Week 1: Muddiest Point

After studying Chapter 13 Mass Spectrometry and Infrared Spectroscopy, my muddiest point is section 13.2 Alkyl Halides and the M + 2 Peak on pg. 467. I don’t understand the ratio concepts. For example, 35Cl and 37Cl occur at a 3:1 ratio. The text states that if it is a 3:1 ratio, there will be a Cl in the atom. How are we supposed to determine the ratio or is it generally given information? Also, it states that the bromine is a 1:1 ratio. Why is it different from the Cl, which is 3:1? Also, understanding the M + 2 Peak is very confusing. I understand that it is the mass of the compound + 2, but what is the significance?
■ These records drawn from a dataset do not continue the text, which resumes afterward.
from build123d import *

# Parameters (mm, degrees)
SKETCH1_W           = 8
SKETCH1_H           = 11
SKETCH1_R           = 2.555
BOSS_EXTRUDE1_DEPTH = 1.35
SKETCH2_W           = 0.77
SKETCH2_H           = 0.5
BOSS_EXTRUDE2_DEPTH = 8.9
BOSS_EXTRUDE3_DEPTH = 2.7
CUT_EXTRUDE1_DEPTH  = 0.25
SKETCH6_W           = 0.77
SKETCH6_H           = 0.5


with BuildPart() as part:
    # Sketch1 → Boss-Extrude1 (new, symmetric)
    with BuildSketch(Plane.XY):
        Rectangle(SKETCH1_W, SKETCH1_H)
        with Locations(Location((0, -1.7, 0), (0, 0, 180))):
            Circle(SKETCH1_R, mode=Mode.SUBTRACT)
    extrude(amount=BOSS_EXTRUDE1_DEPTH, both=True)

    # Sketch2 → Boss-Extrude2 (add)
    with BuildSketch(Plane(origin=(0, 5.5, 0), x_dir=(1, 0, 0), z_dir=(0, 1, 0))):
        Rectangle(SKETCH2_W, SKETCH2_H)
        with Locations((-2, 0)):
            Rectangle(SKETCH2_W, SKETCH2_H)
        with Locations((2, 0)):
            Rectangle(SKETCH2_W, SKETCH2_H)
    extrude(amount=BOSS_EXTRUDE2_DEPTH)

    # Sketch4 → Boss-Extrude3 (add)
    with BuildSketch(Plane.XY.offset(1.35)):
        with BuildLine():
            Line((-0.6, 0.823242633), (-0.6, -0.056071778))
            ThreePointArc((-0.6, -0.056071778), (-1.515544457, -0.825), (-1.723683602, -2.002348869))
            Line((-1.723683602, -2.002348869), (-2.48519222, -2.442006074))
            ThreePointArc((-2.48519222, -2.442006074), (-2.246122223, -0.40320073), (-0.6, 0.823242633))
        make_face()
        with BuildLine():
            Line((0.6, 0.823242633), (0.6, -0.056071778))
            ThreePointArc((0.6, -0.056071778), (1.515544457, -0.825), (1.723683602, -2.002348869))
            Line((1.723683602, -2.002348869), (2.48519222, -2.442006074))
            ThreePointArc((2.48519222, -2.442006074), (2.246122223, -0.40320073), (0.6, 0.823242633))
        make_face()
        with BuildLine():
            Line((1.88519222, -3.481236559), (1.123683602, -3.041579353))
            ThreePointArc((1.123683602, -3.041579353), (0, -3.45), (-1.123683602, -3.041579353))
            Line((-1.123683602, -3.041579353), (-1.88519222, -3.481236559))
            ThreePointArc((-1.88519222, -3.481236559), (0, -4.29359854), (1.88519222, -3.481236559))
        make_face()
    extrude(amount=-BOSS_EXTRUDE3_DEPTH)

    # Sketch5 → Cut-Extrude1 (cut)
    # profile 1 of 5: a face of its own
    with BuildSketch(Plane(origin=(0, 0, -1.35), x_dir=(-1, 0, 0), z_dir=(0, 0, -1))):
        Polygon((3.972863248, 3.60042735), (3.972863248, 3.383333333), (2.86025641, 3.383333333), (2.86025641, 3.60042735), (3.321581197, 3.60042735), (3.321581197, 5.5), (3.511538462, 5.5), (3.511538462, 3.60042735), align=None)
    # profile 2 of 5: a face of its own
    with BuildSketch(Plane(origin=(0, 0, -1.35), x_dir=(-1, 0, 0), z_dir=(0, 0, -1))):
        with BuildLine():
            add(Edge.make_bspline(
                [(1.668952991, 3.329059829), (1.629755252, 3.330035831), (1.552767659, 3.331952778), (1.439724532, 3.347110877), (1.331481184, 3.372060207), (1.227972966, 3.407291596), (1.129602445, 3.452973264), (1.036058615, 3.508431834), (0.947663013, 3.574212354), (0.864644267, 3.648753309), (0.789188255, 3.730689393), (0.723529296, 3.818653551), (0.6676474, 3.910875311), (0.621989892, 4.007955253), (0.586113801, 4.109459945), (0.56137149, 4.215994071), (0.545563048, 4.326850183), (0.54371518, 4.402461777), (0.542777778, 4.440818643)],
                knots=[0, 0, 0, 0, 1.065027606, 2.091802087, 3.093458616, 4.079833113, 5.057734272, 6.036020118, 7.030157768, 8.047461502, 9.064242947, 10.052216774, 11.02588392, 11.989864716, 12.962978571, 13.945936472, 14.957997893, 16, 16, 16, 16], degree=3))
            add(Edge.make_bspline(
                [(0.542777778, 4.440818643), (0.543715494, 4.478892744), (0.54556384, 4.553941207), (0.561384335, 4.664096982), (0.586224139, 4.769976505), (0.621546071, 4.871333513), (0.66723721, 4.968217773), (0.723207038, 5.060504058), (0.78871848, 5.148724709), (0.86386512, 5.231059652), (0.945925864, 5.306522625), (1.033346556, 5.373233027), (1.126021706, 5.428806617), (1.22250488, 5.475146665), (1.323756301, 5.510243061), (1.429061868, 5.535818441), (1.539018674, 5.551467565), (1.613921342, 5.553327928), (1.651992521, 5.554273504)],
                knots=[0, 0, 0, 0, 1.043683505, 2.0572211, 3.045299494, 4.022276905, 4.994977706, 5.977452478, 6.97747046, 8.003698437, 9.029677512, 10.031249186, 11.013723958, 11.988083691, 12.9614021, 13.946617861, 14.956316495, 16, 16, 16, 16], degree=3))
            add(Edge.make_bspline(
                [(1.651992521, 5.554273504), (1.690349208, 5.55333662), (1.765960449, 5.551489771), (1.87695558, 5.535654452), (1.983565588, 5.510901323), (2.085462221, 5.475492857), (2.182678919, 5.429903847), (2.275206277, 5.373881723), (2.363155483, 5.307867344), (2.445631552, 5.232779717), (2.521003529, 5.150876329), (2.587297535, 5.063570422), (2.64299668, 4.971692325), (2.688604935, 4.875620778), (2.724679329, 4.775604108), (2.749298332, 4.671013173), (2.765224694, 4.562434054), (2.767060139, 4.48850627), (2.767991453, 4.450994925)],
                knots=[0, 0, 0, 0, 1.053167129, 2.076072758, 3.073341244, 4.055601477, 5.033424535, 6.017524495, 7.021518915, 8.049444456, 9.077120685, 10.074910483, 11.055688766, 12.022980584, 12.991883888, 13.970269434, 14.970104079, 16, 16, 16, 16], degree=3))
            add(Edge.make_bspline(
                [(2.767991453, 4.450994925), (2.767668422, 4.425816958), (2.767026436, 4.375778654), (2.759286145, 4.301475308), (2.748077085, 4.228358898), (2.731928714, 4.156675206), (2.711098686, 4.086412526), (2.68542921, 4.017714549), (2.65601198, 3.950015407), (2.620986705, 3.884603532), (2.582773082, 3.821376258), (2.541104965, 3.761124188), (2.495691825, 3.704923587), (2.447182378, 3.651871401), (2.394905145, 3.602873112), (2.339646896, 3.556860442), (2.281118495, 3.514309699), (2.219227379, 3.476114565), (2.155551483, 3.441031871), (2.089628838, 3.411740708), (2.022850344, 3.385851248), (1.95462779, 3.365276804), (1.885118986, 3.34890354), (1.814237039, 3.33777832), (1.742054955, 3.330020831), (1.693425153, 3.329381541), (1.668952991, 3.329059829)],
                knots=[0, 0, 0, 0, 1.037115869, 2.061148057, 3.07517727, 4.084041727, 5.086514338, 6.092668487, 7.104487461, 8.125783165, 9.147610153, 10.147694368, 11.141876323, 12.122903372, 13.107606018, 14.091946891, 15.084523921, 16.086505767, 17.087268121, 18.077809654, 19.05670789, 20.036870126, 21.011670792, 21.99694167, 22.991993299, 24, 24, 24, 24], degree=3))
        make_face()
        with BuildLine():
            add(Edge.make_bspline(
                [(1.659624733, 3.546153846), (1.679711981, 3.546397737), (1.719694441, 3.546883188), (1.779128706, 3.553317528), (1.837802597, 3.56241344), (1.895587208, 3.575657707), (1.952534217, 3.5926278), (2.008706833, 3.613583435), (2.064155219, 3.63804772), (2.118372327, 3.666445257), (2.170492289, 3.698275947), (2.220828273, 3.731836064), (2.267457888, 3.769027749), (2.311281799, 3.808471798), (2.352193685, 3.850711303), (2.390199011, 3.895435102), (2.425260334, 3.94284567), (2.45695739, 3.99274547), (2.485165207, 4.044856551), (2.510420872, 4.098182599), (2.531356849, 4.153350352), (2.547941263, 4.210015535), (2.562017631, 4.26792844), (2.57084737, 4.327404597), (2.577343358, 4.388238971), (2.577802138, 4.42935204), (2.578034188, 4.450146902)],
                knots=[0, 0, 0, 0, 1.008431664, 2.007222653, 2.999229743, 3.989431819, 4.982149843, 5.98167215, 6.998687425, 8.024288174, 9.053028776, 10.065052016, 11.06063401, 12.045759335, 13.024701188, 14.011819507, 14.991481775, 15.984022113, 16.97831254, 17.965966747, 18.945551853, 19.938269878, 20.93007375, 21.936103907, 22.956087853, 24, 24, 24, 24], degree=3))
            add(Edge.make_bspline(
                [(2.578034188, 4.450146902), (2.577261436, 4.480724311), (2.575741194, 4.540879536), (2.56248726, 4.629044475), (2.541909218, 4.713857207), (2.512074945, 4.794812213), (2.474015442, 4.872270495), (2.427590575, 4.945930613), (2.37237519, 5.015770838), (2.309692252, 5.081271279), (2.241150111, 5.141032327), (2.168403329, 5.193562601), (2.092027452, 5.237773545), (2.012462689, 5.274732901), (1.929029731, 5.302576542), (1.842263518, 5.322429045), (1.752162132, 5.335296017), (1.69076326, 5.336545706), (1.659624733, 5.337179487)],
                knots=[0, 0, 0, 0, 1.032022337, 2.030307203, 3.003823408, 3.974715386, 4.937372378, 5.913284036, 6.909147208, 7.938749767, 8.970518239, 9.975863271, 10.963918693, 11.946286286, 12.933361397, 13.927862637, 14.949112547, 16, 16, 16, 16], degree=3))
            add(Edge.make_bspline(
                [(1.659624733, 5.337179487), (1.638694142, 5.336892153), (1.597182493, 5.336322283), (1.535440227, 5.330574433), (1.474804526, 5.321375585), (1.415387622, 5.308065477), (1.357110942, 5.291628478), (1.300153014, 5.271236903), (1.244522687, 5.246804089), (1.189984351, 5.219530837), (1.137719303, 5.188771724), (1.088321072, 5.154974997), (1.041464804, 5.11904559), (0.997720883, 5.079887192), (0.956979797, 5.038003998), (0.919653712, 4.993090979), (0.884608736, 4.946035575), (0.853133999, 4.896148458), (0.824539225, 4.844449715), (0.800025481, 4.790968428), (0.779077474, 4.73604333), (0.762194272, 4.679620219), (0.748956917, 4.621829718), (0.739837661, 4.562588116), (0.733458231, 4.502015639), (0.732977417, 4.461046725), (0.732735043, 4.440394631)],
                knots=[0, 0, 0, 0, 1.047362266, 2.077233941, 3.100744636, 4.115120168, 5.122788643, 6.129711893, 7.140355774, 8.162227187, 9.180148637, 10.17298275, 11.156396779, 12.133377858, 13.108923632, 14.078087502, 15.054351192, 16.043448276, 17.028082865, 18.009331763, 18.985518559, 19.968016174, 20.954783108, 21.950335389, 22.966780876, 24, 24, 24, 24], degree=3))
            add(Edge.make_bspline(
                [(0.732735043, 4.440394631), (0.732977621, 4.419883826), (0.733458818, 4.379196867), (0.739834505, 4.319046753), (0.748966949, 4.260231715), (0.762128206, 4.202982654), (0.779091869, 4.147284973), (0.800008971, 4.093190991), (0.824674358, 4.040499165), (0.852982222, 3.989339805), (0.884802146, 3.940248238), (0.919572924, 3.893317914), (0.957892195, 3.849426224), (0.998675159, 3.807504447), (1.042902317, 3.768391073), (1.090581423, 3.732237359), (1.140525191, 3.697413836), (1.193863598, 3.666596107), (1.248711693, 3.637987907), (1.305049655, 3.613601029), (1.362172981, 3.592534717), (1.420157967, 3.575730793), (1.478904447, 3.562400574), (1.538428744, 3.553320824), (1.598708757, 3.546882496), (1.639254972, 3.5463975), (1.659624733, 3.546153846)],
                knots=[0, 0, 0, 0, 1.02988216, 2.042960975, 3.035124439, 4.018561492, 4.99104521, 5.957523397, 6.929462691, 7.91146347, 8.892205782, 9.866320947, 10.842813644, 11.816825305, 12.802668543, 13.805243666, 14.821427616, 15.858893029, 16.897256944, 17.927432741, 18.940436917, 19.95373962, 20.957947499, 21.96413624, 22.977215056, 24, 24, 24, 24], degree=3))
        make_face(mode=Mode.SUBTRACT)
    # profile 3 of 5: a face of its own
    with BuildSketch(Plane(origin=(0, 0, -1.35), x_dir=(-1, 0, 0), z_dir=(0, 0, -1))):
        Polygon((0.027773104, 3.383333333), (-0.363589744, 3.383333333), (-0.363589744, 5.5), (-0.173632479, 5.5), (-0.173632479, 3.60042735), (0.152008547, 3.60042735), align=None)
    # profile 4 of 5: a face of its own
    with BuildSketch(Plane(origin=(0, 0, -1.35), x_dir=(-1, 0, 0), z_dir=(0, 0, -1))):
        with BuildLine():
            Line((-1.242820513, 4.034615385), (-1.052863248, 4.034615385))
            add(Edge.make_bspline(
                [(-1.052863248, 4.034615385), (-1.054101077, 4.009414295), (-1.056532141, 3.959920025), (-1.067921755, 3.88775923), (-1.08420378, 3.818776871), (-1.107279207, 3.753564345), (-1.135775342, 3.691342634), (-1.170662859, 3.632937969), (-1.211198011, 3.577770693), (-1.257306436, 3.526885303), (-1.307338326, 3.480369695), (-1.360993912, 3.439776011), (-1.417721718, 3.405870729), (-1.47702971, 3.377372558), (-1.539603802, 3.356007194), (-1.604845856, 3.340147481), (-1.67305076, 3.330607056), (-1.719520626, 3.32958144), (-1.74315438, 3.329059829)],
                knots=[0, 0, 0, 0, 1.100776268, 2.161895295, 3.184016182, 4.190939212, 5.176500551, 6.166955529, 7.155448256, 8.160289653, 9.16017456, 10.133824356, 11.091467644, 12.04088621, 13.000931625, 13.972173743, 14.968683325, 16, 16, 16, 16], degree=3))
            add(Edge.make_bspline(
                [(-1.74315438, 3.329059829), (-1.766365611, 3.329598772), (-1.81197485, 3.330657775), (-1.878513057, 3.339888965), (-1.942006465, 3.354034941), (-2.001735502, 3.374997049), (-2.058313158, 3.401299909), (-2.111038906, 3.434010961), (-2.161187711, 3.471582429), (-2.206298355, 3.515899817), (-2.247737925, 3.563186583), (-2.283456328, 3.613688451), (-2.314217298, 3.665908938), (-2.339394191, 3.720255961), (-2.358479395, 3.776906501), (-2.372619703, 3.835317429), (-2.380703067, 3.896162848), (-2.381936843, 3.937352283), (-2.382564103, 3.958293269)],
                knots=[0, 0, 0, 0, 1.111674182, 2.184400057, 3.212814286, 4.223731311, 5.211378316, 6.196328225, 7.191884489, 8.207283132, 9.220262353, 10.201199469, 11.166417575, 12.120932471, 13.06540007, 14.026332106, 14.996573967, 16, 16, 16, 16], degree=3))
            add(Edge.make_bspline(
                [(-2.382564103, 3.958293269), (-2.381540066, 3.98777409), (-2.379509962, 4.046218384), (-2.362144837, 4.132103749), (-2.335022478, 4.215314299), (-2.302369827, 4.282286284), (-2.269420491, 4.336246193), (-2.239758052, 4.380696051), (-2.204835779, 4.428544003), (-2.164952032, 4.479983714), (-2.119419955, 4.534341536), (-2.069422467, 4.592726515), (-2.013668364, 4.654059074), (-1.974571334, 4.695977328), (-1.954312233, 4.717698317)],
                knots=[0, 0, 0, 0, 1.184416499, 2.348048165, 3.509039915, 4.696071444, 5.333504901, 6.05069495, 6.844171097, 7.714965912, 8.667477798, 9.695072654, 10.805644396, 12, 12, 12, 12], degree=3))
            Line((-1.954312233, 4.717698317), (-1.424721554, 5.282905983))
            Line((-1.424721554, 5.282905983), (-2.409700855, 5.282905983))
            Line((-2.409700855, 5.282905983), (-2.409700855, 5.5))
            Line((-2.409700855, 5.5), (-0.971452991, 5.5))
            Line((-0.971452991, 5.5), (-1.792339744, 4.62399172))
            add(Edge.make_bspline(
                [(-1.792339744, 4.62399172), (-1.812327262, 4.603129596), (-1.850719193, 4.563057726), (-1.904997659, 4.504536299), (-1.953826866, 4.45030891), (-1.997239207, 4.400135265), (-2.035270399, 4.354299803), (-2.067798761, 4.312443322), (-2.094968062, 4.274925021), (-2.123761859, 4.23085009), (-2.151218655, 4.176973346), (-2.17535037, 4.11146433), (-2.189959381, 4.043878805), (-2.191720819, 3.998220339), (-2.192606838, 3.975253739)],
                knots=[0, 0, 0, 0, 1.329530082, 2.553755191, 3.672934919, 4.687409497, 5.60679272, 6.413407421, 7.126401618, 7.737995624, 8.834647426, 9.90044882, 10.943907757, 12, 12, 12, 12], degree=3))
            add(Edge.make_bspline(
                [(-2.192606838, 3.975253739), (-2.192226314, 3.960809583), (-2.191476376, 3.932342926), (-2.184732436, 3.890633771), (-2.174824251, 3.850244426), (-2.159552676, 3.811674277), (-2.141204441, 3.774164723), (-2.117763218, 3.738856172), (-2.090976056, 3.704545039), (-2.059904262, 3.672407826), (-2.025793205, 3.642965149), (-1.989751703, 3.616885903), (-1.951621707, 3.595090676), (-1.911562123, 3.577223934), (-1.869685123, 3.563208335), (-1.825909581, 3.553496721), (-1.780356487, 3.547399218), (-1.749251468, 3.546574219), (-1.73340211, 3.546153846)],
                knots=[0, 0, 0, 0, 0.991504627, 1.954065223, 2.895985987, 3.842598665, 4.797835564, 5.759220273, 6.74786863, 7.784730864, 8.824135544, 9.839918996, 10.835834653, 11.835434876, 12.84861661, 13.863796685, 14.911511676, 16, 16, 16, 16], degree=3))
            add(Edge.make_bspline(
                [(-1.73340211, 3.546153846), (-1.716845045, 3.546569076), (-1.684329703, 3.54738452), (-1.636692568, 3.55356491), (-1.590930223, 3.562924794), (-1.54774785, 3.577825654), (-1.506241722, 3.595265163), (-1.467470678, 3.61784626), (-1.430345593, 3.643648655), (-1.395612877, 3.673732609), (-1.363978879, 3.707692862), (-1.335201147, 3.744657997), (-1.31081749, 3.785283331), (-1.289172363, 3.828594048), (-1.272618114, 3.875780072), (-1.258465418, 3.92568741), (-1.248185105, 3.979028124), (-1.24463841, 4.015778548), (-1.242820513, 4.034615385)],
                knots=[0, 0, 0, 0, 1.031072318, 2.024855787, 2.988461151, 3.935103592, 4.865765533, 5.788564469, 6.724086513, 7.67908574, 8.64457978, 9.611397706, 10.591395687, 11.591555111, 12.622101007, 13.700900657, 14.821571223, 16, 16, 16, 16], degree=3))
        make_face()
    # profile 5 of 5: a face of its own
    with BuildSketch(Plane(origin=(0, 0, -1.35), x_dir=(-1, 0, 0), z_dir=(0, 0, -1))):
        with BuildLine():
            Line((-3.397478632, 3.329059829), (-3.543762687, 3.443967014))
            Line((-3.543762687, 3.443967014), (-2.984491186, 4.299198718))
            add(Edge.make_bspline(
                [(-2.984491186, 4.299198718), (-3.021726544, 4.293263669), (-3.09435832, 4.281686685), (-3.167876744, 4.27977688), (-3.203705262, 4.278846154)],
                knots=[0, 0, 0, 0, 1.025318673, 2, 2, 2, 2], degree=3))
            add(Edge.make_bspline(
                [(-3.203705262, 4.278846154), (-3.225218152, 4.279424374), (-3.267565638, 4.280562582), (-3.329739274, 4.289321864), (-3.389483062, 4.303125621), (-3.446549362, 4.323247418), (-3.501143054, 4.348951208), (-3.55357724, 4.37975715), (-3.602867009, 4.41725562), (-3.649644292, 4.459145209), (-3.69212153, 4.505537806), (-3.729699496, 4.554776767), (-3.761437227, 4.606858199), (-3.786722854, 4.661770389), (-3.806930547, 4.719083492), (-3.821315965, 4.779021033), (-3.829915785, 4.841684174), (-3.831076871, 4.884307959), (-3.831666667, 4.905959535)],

After further reading of the text, the M + 2 peak is used for alkyl halides that have a mass slightly higher than their mass on the periodic table. With further reading, I learned that with an M + 2 peak, there will be two peaks towards the end of a graph showing the presence of the alkyl halide. Based on the text, chlorine and bromine have two isotopes and carbon, hydrogen, oxygen, nitrogen, sulfur, phosphorus, fluorine, and iodine only have one major isotope. After reviewing the sample problem for determining molecular ions in a mass spectrum of a particular compound, I feel like I understand the concept better.